Relationship of 10-year change in refraction to nuclear cataract and axial length findings from an older population.

Ophthalmology

Department of Ophthalmology, University of Sydney (Centre for Vision Research, Westmead Millennium Institute, Westmead Hospital), Sydney, Australia.

Published: August 2008

Purpose: To examine 10-year changes and other influences on spherical equivalent refraction (SER) in older persons.

Design: Prospective population-based study.

Participants: Three thousand six hundred fifty-four Blue Mountains Eye Study participants 49 or older at baseline (1992-1994) were observed after 5 years (2335; 75% of survivors) and 10 years (1952; 76% of survivors).

Methods: At each visit, subjective refraction was performed using modified Early Treatment Diabetic Retinopathy Study protocols. Spherical equivalent refraction was calculated as sphere + half cylinder power. Axial length was measured only at the 10-year examinations, using an IOL Master. Right phakic eyes with best-corrected visual acuity > 20/40 (n = 1340) at baseline and 10-year examinations were included.

Main Outcome Measures: Temporal refractive change.

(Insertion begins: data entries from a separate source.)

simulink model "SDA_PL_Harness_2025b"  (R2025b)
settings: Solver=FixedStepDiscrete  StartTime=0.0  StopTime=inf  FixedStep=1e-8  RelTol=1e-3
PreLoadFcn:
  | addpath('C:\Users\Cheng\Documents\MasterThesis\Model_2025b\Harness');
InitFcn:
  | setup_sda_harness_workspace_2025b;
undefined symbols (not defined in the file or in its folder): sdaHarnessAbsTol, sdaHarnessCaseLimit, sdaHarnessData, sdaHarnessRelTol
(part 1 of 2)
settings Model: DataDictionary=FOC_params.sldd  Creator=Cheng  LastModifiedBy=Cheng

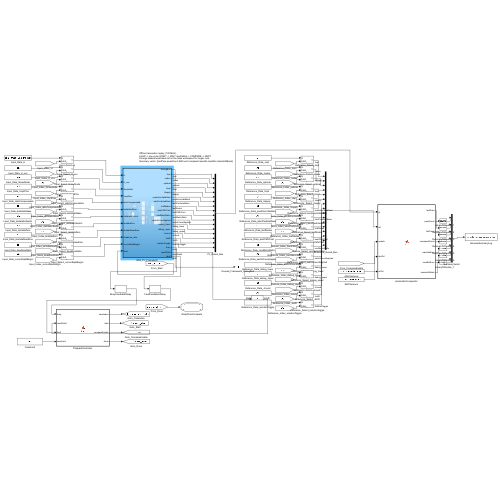
[thumbnail: Simulink's stored preview of the top-level diagram]
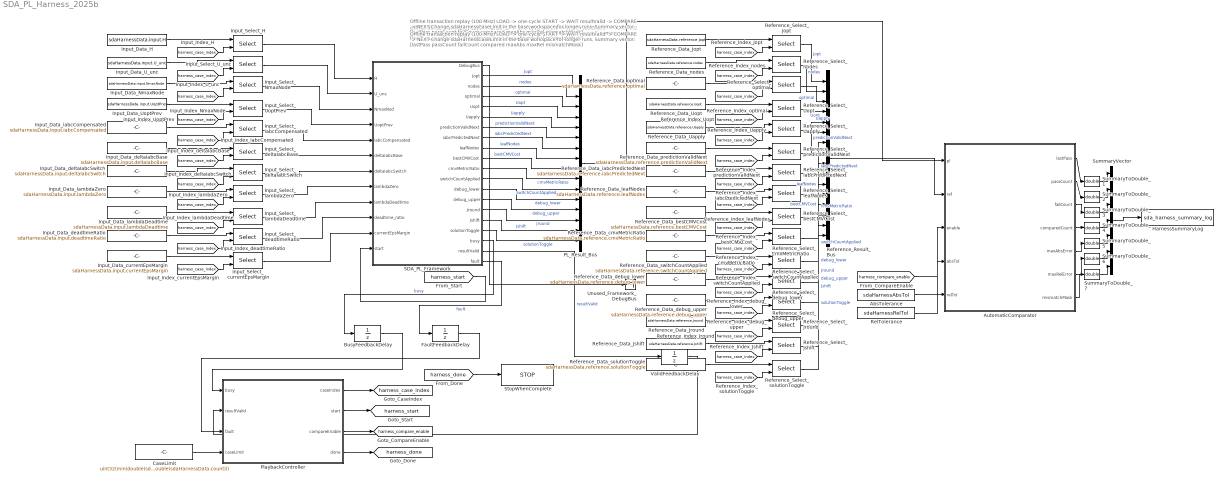
== system SDA_PL_Harness_2025b ==
  note: Offline transaction replay (100 MHz)
      | LOAD -> one-cycle START -> WAIT resultValid -> COMPARE -> NEXT
      | Change sdaHarnessCaseLimit in the base workspace for longer runs.
      | Summary vector: [lastPass passCount failCount compared maxAbs maxRel mismatchMask]
  note: Offline transaction replay (100 MHz)
      | LOAD -> one-cycle START -> WAIT resultValid -> COMPARE -> NEXT
      | Change sdaHarnessCaseLimit in the base workspace for longer runs.
      | Summary vector: [lastPass passCount failCount compared maxAbs maxRel mismatchMask]
  note: Offline transaction replay (100 MHz)
      | LOAD -> one-cycle START -> WAIT resultValid -> COMPARE -> NEXT
      | Change sdaHarnessCaseLimit in the base workspace for longer runs.
      | Summary vector: [lastPass passCount failCount compared maxAbs maxRel mismatchMask]
  note: Offline transaction replay (100 MHz)
      | LOAD -> one-cycle START -> WAIT resultValid -> COMPARE -> NEXT
      | Change sdaHarnessCaseLimit in the base workspace for longer runs.
      | Summary vector: [lastPass passCount failCount compared maxAbs maxRel mismatchMask]
  note: Offline transaction replay (100 MHz)
      | LOAD -> one-cycle START -> WAIT resultValid -> COMPARE -> NEXT
      | Change sdaHarnessCaseLimit in the base workspace for longer runs.
      | Summary vector: [lastPass passCount failCount compared maxAbs maxRel mismatchMask]
  note: Offline transaction replay (100 MHz)
      | LOAD -> one-cycle START -> WAIT resultValid -> COMPARE -> NEXT
      | Change sdaHarnessCaseLimit in the base workspace for longer runs.
      | Summary vector: [lastPass passCount failCount compared maxAbs maxRel mismatchMask]
  AbsTolerance : Constant  Value=sdaHarnessAbsTol
  AutomaticComparator : MATLAB Function  TreatAsAtomicUnit=on
  BusyFeedbackDelay : UnitDelay  InitialCondition=false  SampleTime=1e-8  HasFrameUpgradeWarning=on
  CaseLimit : Constant  Value=uint32(min(double(sdaHarnessCaseLimit),double(sdaHarnessData.count)))  OutDataTypeStr=uint32
  FaultFeedbackDelay : UnitDelay  InitialCondition=false  SampleTime=1e-8  HasFrameUpgradeWarning=on
  HarnessSummaryLog : ToWorkspace  VariableName=sda_harness_summary_log  SaveFormat=Timeseries  SampleTime=-1
  Input_Data_H : Constant  Value=sdaHarnessData.input.H
  Input_Data_NmaxNode : Constant  Value=sdaHarnessData.input.NmaxNode
  Input_Data_U_unc : Constant  Value=sdaHarnessData.input.U_unc
  Input_Data_UoptPrev : Constant  Value=sdaHarnessData.input.UoptPrev
  Input_Data_currentEpsMargin : Constant  Value=sdaHarnessData.input.currentEpsMargin
  Input_Data_deadtimeRatio : Constant  Value=sdaHarnessData.input.deadtimeRatio
  Input_Data_deltaIabcBase : Constant  Value=sdaHarnessData.input.deltaIabcBase
  Input_Data_deltaIabcSwitch : Constant  Value=sdaHarnessData.input.deltaIabcSwitch
  Input_Data_iabcCompensated : Constant  Value=sdaHarnessData.input.iabcCompensated
  Input_Data_lambdaDeadtime : Constant  Value=sdaHarnessData.input.lambdaDeadtime
  Input_Data_lambdaZero : Constant  Value=sdaHarnessData.input.lambdaZero
  Input_Select_H : Selector  NumberOfDimensions=3  InputPortWidth=3  IndexOptions=Select all,Select all,Index vector (port)  Indices=1,1,1  OutputSizes=1
  Input_Select_NmaxNode : Selector  NumberOfDimensions=2  InputPortWidth=3  IndexOptions=Index vector (dialog),Index vector (port)  Indices=1,1  OutputSizes=1
  Input_Select_U_unc : Selector  NumberOfDimensions=2  InputPortWidth=3  IndexOptions=Select all,Index vector (port)  Indices=1,1  OutputSizes=1
  Input_Select_UoptPrev : Selector  NumberOfDimensions=2  InputPortWidth=3  IndexOptions=Select all,Index vector (port)  Indices=1,1  OutputSizes=1
  Input_Select_currentEpsMargin : Selector  NumberOfDimensions=2  InputPortWidth=3  IndexOptions=Index vector (dialog),Index vector (port)  Indices=1,1  OutputSizes=1
  Input_Select_deadtimeRatio : Selector  NumberOfDimensions=2  InputPortWidth=3  IndexOptions=Index vector (dialog),Index vector (port)  Indices=1,1  OutputSizes=1
  Input_Select_deltaIabcBase : Selector  NumberOfDimensions=2  InputPortWidth=3  IndexOptions=Select all,Index vector (port)  Indices=1,1  OutputSizes=1
  Input_Select_deltaIabcSwitch : Selector  NumberOfDimensions=3  InputPortWidth=3  IndexOptions=Select all,Select all,Index vector (port)  Indices=1,1,1  OutputSizes=1
  Input_Select_iabcCompensated : Selector  NumberOfDimensions=2  InputPortWidth=3  IndexOptions=Select all,Index vector (port)  Indices=1,1  OutputSizes=1
  Input_Select_lambdaDeadtime : Selector  NumberOfDimensions=2  InputPortWidth=3  IndexOptions=Index vector (dialog),Index vector (port)  Indices=1,1  OutputSizes=1
  Input_Select_lambdaZero : Selector  NumberOfDimensions=2  InputPortWidth=3  IndexOptions=Index vector (dialog),Index vector (port)  Indices=1,1  OutputSizes=1
  PL_Result_Bus : BusCreator  Inputs=16  OutDataTypeStr=Bus: SdaComparisonResultBus
  PlaybackController : MATLAB Function  TreatAsAtomicUnit=on
  Reference_Data_Jopt : Constant  Value=sdaHarnessData.reference.Jopt
  Reference_Data_Jround : Constant  Value=sdaHarnessData.reference.Jround
  Reference_Data_Jshift : Constant  Value=sdaHarnessData.reference.Jshift
  Reference_Data_Uapply : Constant  Value=sdaHarnessData.reference.Uapply
  Reference_Data_Uopt : Constant  Value=sdaHarnessData.reference.Uopt
  Reference_Data_bestCMVCost : Constant  Value=sdaHarnessData.reference.bestCMVCost
  Reference_Data_cmvMetricRatio : Constant  Value=sdaHarnessData.reference.cmvMetricRatio
  Reference_Data_debug_lower : Constant  Value=sdaHarnessData.reference.debug_lower
  Reference_Data_debug_upper : Constant  Value=sdaHarnessData.reference.debug_upper
  Reference_Data_iabcPredictedNext : Constant  Value=sdaHarnessData.reference.iabcPredictedNext
  Reference_Data_leafNodes : Constant  Value=sdaHarnessData.reference.leafNodes
  Reference_Data_nodes : Constant  Value=sdaHarnessData.reference.nodes
  Reference_Data_optimal : Constant  Value=sdaHarnessData.reference.optimal
  Reference_Data_predictionValidNext : Constant  Value=sdaHarnessData.reference.predictionValidNext
  Reference_Data_solutionToggle : Constant  Value=sdaHarnessData.reference.solutionToggle
  Reference_Data_switchCountApplied : Constant  Value=sdaHarnessData.reference.switchCountApplied
  Reference_Result_Bus : BusCreator  Inputs=16  OutDataTypeStr=Bus: SdaComparisonResultBus
  Reference_Select_Jopt : Selector  NumberOfDimensions=2  InputPortWidth=3  IndexOptions=Index vector (dialog),Index vector (port)  Indices=1,1  OutputSizes=1
  Reference_Select_Jround : Selector  NumberOfDimensions=2  InputPortWidth=3  IndexOptions=Index vector (dialog),Index vector (port)  Indices=1,1  OutputSizes=1
  Reference_Select_Jshift : Selector  NumberOfDimensions=2  InputPortWidth=3  IndexOptions=Index vector (dialog),Index vector (port)  Indices=1,1  OutputSizes=1
  Reference_Select_Uapply : Selector  NumberOfDimensions=2  InputPortWidth=3  IndexOptions=Select all,Index vector (port)  Indices=1,1  OutputSizes=1
  Reference_Select_Uopt : Selector  NumberOfDimensions=2  InputPortWidth=3  IndexOptions=Select all,Index vector (port)  Indices=1,1  OutputSizes=1
  Reference_Select_bestCMVCost : Selector  NumberOfDimensions=2  InputPortWidth=3  IndexOptions=Index vector (dialog),Index vector (port)  Indices=1,1  OutputSizes=1
  Reference_Select_cmvMetricRatio : Selector  NumberOfDimensions=2  InputPortWidth=3  IndexOptions=Index vector (dialog),Index vector (port)  Indices=1,1  OutputSizes=1
  Reference_Select_debug_lower : Selector  NumberOfDimensions=2  InputPortWidth=3  IndexOptions=Select all,Index vector (port)  Indices=1,1  OutputSizes=1
  Reference_Select_debug_upper : Selector  NumberOfDimensions=2  InputPortWidth=3  IndexOptions=Select all,Index vector (port)  Indices=1,1  OutputSizes=1
  Reference_Select_iabcPredictedNext : Selector  NumberOfDimensions=2  InputPortWidth=3  IndexOptions=Select all,Index vector (port)  Indices=1,1  OutputSizes=1
  Reference_Select_leafNodes : Selector  NumberOfDimensions=2  InputPortWidth=3  IndexOptions=Index vector (dialog),Index vector (port)  Indices=1,1  OutputSizes=1
  Reference_Select_nodes : Selector  NumberOfDimensions=2  InputPortWidth=3  IndexOptions=Index vector (dialog),Index vector (port)  Indices=1,1  OutputSizes=1
  Reference_Select_optimal : Selector  NumberOfDimensions=2  InputPortWidth=3  IndexOptions=Index vector (dialog),Index vector (port)  Indices=1,1  OutputSizes=1
  Reference_Select_predictionValidNext : Selector  NumberOfDimensions=2  InputPortWidth=3  IndexOptions=Index vector (dialog),Index vector (port)  Indices=1,1  OutputSizes=1
  Reference_Select_solutionToggle : Selector  NumberOfDimensions=2  InputPortWidth=3  IndexOptions=Index vector (dialog),Index vector (port)  Indices=1,1  OutputSizes=1
  Reference_Select_switchCountApplied : Selector  NumberOfDimensions=2  InputPortWidth=3  IndexOptions=Index vector (dialog),Index vector (port)  Indices=1,1  OutputSizes=1
  RelTolerance : Constant  Value=sdaHarnessRelTol
  SDA_PL_Framework : Subsystem  TreatAsAtomicUnit=on
  StopWhenComplete : Stop
  SummaryToDouble_{1..7} (7 alike) : DataTypeConversion  OutDataTypeStr=double  SaturateOnIntegerOverflow=off  RndMeth=Floor
  SummaryVector : Mux  Inputs=7
  Unused_Framework_DebugBus : Terminator
  ValidFeedbackDelay : UnitDelay  InitialCondition=false  SampleTime=1e-8  HasFrameUpgradeWarning=on
  tag scope: harness_case_index=global, harness_compare_enable=global, harness_done=global, harness_start=global
  wires:
  CaseLimit/1 -> PlaybackController/4(caseLimit)
  PlaybackController/1(caseIndex) -> [harness_case_index]
  PlaybackController/2(start) -> [harness_start]
  PlaybackController/3(compareEnable) -> [harness_compare_enable]
  PlaybackController/4(done) -> [harness_done]
  Input_Data_H/1 -> Input_Select_H/1
  [harness_case_index] -> Input_Select_H/2
  Input_Data_U_unc/1 -> Input_Select_U_unc/1
  [harness_case_index] -> Input_Select_U_unc/2
  Input_Data_NmaxNode/1 -> Input_Select_NmaxNode/1
  [harness_case_index] -> Input_Select_NmaxNode/2
  Input_Data_UoptPrev/1 -> Input_Select_UoptPrev/1
  [harness_case_index] -> Input_Select_UoptPrev/2
  Input_Data_iabcCompensated/1 -> Input_Select_iabcCompensated/1
  [harness_case_index] -> Input_Select_iabcCompensated/2
  Input_Data_deltaIabcBase/1 -> Input_Select_deltaIabcBase/1
  [harness_case_index] -> Input_Select_deltaIabcBase/2
  Input_Data_deltaIabcSwitch/1 -> Input_Select_deltaIabcSwitch/1
  [harness_case_index] -> Input_Select_deltaIabcSwitch/2
  Input_Data_lambdaZero/1 -> Input_Select_lambdaZero/1
  [harness_case_index] -> Input_Select_lambdaZero/2
  Input_Data_lambdaDeadtime/1 -> Input_Select_lambdaDeadtime/1
  [harness_case_index] -> Input_Select_lambdaDeadtime/2
  Input_Data_deadtimeRatio/1 -> Input_Select_deadtimeRatio/1
  [harness_case_index] -> Input_Select_deadtimeRatio/2
  Input_Data_currentEpsMargin/1 -> Input_Select_currentEpsMargin/1
  [harness_case_index] -> Input_Select_currentEpsMargin/2
  Reference_Data_Jopt/1 -> Reference_Select_Jopt/1
  [harness_case_index] -> Reference_Select_Jopt/2
  Reference_Data_nodes/1 -> Reference_Select_nodes/1
  [harness_case_index] -> Reference_Select_nodes/2
  Reference_Data_optimal/1 -> Reference_Select_optimal/1
  [harness_case_index] -> Reference_Select_optimal/2
  Reference_Data_Uopt/1 -> Reference_Select_Uopt/1
  [harness_case_index] -> Reference_Select_Uopt/2
  Reference_Data_Uapply/1 -> Reference_Select_Uapply/1
  [harness_case_index] -> Reference_Select_Uapply/2
  Reference_Data_predictionValidNext/1 -> Reference_Select_predictionValidNext/1
  [harness_case_index] -> Reference_Select_predictionValidNext/2
  Reference_Data_iabcPredictedNext/1 -> Reference_Select_iabcPredictedNext/1
  [harness_case_index] -> Reference_Select_iabcPredictedNext/2
  Reference_Data_leafNodes/1 -> Reference_Select_leafNodes/1
  [harness_case_index] -> Reference_Select_leafNodes/2
  Reference_Data_bestCMVCost/1 -> Reference_Select_bestCMVCost/1
  [harness_case_index] -> Reference_Select_bestCMVCost/2
  Reference_Data_cmvMetricRatio/1 -> Reference_Select_cmvMetricRatio/1
  [harness_case_index] -> Reference_Select_cmvMetricRatio/2
  Reference_Data_switchCountApplied/1 -> Reference_Select_switchCountApplied/1
  [harness_case_index] -> Reference_Select_switchCountApplied/2
  Reference_Data_debug_lower/1 -> Reference_Select_debug_lower/1
  [harness_case_index] -> Reference_Select_debug_lower/2
  Reference_Data_debug_upper/1 -> Reference_Select_debug_upper/1
  [harness_case_index] -> Reference_Select_debug_upper/2
  Reference_Data_Jround/1 -> Reference_Select_Jround/1
  [harness_case_index] -> Reference_Select_Jround/2
  Reference_Data_Jshift/1 -> Reference_Select_Jshift/1
  [harness_case_index] -> Reference_Select_Jshift/2
  Reference_Data_solutionToggle/1 -> Reference_Select_solutionToggle/1
  [harness_case_index] -> Reference_Select_solutionToggle/2
  Input_Select_H/1 -> SDA_PL_Framework/1(H)
  Input_Select_U_unc/1 -> SDA_PL_Framework/2(U_unc)
  Input_Select_NmaxNode/1 -> SDA_PL_Framework/3(NmaxNod)
  Input_Select_UoptPrev/1 -> SDA_PL_Framework/4(UoptPrev)
  Input_Select_iabcCompensated/1 -> SDA_PL_Framework/5(iabcCompensated)
  Input_Select_deltaIabcBase/1 -> SDA_PL_Framework/6(deltaIabcBase)
  Input_Select_deltaIabcSwitch/1 -> SDA_PL_Framework/7(deltaIabcSwitch)
  Input_Select_lambdaZero/1 -> SDA_PL_Framework/8(lambdaZero)
  Input_Select_lambdaDeadtime/1 -> SDA_PL_Framework/9(lambdaDeadtime)
  Input_Select_deadtimeRatio/1 -> SDA_PL_Framework/10(deadtime_ratio)
  Input_Select_currentEpsMargin/1 -> SDA_PL_Framework/11(currentEpsMargin)
  [harness_start] -> SDA_PL_Framework/12(start)
  SDA_PL_Framework/2(Jopt) -> PL_Result_Bus/1  "Jopt"
  Reference_Select_Jopt/1 -> Reference_Result_Bus/1  "Jopt"
  SDA_PL_Framework/3(nodes) -> PL_Result_Bus/2  "nodes"
  Reference_Select_nodes/1 -> Reference_Result_Bus/2  "nodes"
  SDA_PL_Framework/4(optimal) -> PL_Result_Bus/3  "optimal"
  Reference_Select_optimal/1 -> Reference_Result_Bus/3  "optimal"
  SDA_PL_Framework/5(Uopt) -> PL_Result_Bus/4  "Uopt"
  Reference_Select_Uopt/1 -> Reference_Result_Bus/4  "Uopt"
  SDA_PL_Framework/6(Uapply) -> PL_Result_Bus/5  "Uapply"
  Reference_Select_Uapply/1 -> Reference_Result_Bus/5  "Uapply"
  SDA_PL_Framework/7(predictionValidNext) -> PL_Result_Bus/6  "predictionValidNext"
  Reference_Select_predictionValidNext/1 -> Reference_Result_Bus/6  "predictionValidNext"
  SDA_PL_Framework/8(iabcPredictedNext) -> PL_Result_Bus/7  "iabcPredictedNext"
  Reference_Select_iabcPredictedNext/1 -> Reference_Result_Bus/7  "iabcPredictedNext"
  SDA_PL_Framework/9(leafNodes) -> PL_Result_Bus/8  "leafNodes"
  Reference_Select_leafNodes/1 -> Reference_Result_Bus/8  "leafNodes"
  SDA_PL_Framework/10(bestCMVCost) -> PL_Result_Bus/9  "bestCMVCost"
  Reference_Select_bestCMVCost/1 -> Reference_Result_Bus/9  "bestCMVCost"
  SDA_PL_Framework/11(cmvMetricRatio) -> PL_Result_Bus/10  "cmvMetricRatio"
  Reference_Select_cmvMetricRatio/1 -> Reference_Result_Bus/10  "cmvMetricRatio"
  SDA_PL_Framework/12(switchCountApplied) -> PL_Result_Bus/11  "switchCountApplied"
  Reference_Select_switchCountApplied/1 -> Reference_Result_Bus/11  "switchCountApplied"
  SDA_PL_Framework/13(debug_lower) -> PL_Result_Bus/12  "debug_lower"
  Reference_Select_debug_lower/1 -> Reference_Result_Bus/12  "debug_lower"
  SDA_PL_Framework/14(debug_upper) -> PL_Result_Bus/13  "debug_upper"
  Reference_Select_debug_upper/1 -> Reference_Result_Bus/13  "debug_upper"
  SDA_PL_Framework/15(Jround) -> PL_Result_Bus/14  "Jround"
  Reference_Select_Jround/1 -> Reference_Result_Bus/14  "Jround"
  SDA_PL_Framework/16(Jshift) -> PL_Result_Bus/15  "Jshift"
  Reference_Select_Jshift/1 -> Reference_Result_Bus/15  "Jshift"
  SDA_PL_Framework/17(solutionToggle) -> PL_Result_Bus/16  "solutionToggle"
  Reference_Select_solutionToggle/1 -> Reference_Result_Bus/16  "solutionToggle"
  PL_Result_Bus/1 -> AutomaticComparator/1(pl)
  Reference_Result_Bus/1 -> AutomaticComparator/2(ref)
  [harness_compare_enable] -> AutomaticComparator/3(enable)
  AbsTolerance/1 -> AutomaticComparator/4(absTol)
  RelTolerance/1 -> AutomaticComparator/5(relTol)
  AutomaticComparator/1(lastPass) -> SummaryToDouble_1/1
  SummaryToDouble_1/1 -> SummaryVector/1
  AutomaticComparator/2(passCount) -> SummaryToDouble_2/1
  SummaryToDouble_2/1 -> SummaryVector/2
  AutomaticComparator/3(failCount) -> SummaryToDouble_3/1
  SummaryToDouble_3/1 -> SummaryVector/3
  AutomaticComparator/4(comparedCount) -> SummaryToDouble_4/1
  SummaryToDouble_4/1 -> SummaryVector/4
  AutomaticComparator/5(maxAbsError) -> SummaryToDouble_5/1
  SummaryToDouble_5/1 -> SummaryVector/5
  AutomaticComparator/6(maxRelError) -> SummaryToDouble_6/1
  SummaryToDouble_6/1 -> SummaryVector/6
  AutomaticComparator/7(mismatchMask) -> SummaryToDouble_7/1
  SummaryToDouble_7/1 -> SummaryVector/7
  SummaryVector/1 -> HarnessSummaryLog/1
  [harness_done] -> StopWhenComplete/1
  SDA_PL_Framework/18(busy) -> BusyFeedbackDelay/1  "busy"
  BusyFeedbackDelay/1 -> PlaybackController/1(busy)
  SDA_PL_Framework/19(resultValid) -> ValidFeedbackDelay/1  "resultValid"
  ValidFeedbackDelay/1 -> PlaybackController/2(resultValid)
  SDA_PL_Framework/20(fault) -> FaultFeedbackDelay/1  "fault"
  FaultFeedbackDelay/1 -> PlaybackController/3(fault)
  SDA_PL_Framework/1(DebugBus) -> Unused_Framework_DebugBus/1

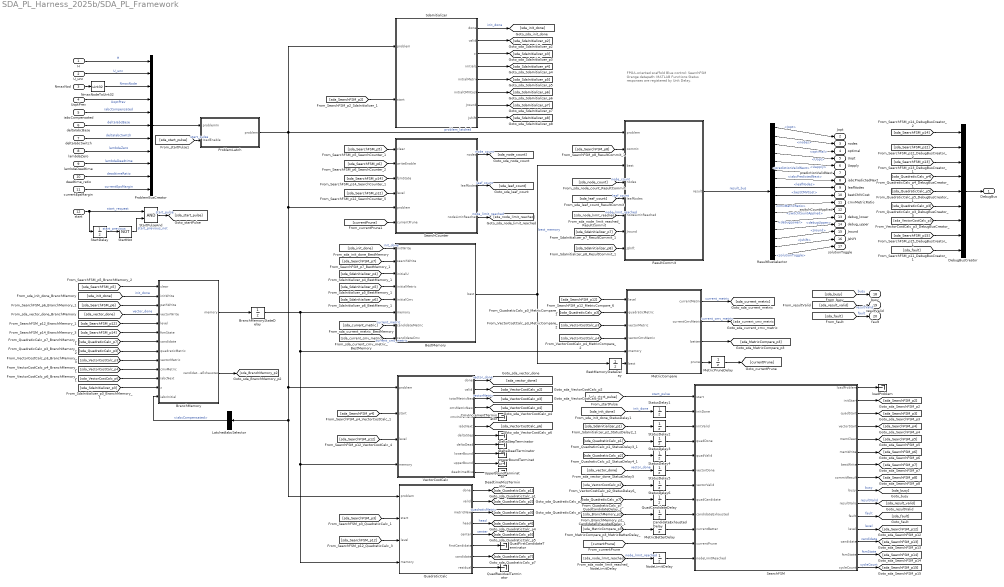
== system SDA_PL_Harness_2025b/SDA_PL_Framework ==
  note: FPGA-oriented scaffold
      | Blue control: SearchFSM
      | Orange datapath: MATLAB Functions
      | Status responses are registered by Unit Delay.
  H : Inport
  U_unc : Inport  Port=2
  NmaxNod : Inport  Port=3
  UoptPrev : Inport  Port=4
  iabcCompensated : Inport  Port=5
  deltaIabcBase : Inport  Port=6
  deltaIabcSwitch : Inport  Port=7
  lambdaZero : Inport  Port=8
  lambdaDeadtime : Inport  Port=9
  deadtime_ratio : Inport  Port=10
  currentEpsMargin : Inport  Port=11
  start : Inport  Port=12  OutDataTypeStr=boolean
  BestMemory : MATLAB Function  TreatAsAtomicUnit=on
  BestMemoryStateDelay : UnitDelay  SampleTime=-1
  BranchMemory : MATLAB Function  TreatAsAtomicUnit=on
  BranchMemoryStateDelay : UnitDelay  SampleTime=-1
  CandidateExhaustedDelay : UnitDelay  InitialCondition=false  SampleTime=-1
  CmvIncrementTerminator : Terminator
  DeadtimeMissTerminator : Terminator
  DebugBusCreator : BusCreator  Inputs=9  OutDataTypeStr=Bus: SdaDebugBus
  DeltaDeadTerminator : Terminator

Results: Over the decade, a hyperopic shift was observed among persons <65 years old, and a myopic shift was associated with increasing age among older subjects, with gender-adjusted mean SER changes of 0.40, 0.33, -0.02, and -0.65 diopters (D) in persons with baseline ages 49 to 54, 55 to 64, 65 to 74 and > or = 75, respectively. Apart from age, myopic refractive change was strongly associated with baseline nuclear cataract; mean changes of -0.96 and 0.26 D were observed in eyes with and without nuclear cataract, respectively (P<0.001). A birth cohort effect on refraction was also observed. After adjusting for age and nuclear cataract, baseline refractive status (P = 0.58), education (P = 0.34), and diabetes (P = 0.16) were not associated with changing SER. A 10% increase in against-the-rule astigmatism was observed over the 10-year period. Axial length showed an age-related reduction in 10-year cross-sectional data, from a mean of 23.61 mm (95% confidence interval [CI], 23.50-23.73) in 59- to 64-year-olds to a mean of 23.15 mm (95% CI, 22.83-23.47) in > or = 85-year-olds. After adjusting for age, education, and nuclear cataract, axial length measured 10 years later was not associated with change in SER (P = 0.34).

Conclusions: This longitudinal study confirms a hyperopic shift in persons younger than 65 and a myopic shift for older ages. Although underlying causes for this age-related hyperopic shift are unknown, it does not appear related to axial length. The myopic shift, however, is most likely caused by increasing nuclear cataract.